Yarm School is a co-educational private day school in Yarm, North Yorkshire in the North East of England. The school accepts pupils aged 3–18 years old and has a Nursery Pre-Prep, Preparatory School, Senior School and Sixth Form. The school was founded in 1978 and is a member of the Headmasters' and Headmistresses' Conference.

Yarm School is in the market town of Yarm, on the edge of the Teesside conurbation. The Senior School and Sixth Form border the River Tees and are off Yarm High Street. The Preparatory School is located on the opposite side of The Spital, not far from the High Street.

== History ==
Founded in 1978 as an independent day school for boys. The School was opened under the headship of R. Neville Tate and was located on the site of Yarm Parish Church, as well as an additional three acres of land all on the Spital road.

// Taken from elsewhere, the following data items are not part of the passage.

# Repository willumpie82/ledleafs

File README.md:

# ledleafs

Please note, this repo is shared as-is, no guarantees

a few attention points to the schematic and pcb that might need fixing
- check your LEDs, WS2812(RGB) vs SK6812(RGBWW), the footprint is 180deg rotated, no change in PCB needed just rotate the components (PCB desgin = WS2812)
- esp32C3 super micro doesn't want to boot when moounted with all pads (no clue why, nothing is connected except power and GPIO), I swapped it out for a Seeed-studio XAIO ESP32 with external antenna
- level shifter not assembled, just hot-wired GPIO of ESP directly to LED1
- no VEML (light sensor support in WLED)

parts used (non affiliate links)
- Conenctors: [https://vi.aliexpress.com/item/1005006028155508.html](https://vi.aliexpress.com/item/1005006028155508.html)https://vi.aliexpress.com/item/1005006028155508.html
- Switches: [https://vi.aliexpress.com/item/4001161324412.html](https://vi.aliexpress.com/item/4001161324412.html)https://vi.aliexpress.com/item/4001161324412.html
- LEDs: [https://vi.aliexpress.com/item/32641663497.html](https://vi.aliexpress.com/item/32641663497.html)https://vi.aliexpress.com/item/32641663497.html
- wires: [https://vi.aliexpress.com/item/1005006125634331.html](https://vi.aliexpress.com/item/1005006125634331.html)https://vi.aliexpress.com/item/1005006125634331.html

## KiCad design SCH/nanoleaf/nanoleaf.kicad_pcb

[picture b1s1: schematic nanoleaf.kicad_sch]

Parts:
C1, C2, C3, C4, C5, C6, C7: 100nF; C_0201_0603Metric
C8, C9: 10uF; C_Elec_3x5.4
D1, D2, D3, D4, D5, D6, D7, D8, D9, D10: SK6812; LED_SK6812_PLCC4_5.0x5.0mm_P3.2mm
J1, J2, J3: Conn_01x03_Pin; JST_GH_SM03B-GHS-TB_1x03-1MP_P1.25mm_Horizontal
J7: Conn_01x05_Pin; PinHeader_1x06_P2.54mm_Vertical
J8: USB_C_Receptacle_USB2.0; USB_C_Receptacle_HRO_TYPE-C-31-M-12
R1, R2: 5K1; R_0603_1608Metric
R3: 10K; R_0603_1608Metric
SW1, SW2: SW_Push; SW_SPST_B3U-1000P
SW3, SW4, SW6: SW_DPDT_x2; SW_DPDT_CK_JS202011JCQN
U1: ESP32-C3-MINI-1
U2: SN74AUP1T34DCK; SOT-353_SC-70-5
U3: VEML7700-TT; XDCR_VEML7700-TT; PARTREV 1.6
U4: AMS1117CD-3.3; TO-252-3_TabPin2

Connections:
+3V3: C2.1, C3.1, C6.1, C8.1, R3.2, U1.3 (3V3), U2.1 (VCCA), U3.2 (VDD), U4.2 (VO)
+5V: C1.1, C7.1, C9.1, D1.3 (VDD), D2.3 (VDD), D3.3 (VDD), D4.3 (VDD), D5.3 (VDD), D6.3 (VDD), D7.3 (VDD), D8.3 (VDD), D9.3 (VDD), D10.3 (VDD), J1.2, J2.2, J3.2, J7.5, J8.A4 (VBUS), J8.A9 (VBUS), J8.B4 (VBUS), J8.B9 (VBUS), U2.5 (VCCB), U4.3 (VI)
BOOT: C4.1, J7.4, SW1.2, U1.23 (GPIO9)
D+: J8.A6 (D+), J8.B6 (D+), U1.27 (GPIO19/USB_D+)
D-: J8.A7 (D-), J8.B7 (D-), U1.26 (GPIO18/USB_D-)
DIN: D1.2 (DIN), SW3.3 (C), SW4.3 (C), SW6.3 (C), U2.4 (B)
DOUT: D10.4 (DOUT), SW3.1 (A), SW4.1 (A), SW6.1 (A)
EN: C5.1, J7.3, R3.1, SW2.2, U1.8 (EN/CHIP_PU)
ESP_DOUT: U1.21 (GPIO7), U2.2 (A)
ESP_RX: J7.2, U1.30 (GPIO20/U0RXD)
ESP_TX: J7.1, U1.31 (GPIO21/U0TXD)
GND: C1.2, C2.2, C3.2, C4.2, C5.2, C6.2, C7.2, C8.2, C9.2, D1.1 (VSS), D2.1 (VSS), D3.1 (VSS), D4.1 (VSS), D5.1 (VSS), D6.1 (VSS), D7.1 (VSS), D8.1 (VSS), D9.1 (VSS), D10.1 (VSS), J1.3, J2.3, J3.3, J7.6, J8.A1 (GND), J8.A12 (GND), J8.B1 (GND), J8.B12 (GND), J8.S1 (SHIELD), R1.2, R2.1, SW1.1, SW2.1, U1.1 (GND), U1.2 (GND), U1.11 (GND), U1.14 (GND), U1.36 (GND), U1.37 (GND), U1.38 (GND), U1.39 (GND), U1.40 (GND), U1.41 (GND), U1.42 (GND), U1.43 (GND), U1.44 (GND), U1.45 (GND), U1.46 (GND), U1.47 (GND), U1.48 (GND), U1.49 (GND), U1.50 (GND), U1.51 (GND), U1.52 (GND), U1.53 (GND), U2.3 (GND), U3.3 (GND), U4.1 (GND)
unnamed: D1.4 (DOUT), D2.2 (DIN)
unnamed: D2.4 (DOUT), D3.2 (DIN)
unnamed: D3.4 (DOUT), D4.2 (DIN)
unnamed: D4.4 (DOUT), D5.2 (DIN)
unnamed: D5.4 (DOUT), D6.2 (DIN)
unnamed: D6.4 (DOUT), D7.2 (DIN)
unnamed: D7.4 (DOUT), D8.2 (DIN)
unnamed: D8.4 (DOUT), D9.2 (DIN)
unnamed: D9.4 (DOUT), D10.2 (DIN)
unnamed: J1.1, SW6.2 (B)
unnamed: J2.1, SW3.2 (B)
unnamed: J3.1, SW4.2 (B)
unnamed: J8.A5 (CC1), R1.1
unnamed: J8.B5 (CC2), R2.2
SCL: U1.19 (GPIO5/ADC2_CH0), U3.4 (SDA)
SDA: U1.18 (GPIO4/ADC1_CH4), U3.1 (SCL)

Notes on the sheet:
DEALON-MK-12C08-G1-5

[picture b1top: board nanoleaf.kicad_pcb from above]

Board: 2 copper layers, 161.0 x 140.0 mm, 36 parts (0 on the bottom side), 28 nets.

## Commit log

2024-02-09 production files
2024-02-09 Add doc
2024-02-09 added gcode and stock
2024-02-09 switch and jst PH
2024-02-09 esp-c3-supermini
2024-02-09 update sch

These buildings had previously housed a Free Grammar School that had been providing education to disadvantaged boys since 1590. A new comprehensive, Conyers' School, which succeeded the ancient Grammar School decided to move site, which it did in 1977. The next year, Yarm School was founded on the site and remained there until September 1980, when it moved to The Friarage on the west bank of the River Tees. At the same time, the buildings on The Spital were used to create Yarm Preparatory School. The two schools was then educating boys from the age of 3 upwards.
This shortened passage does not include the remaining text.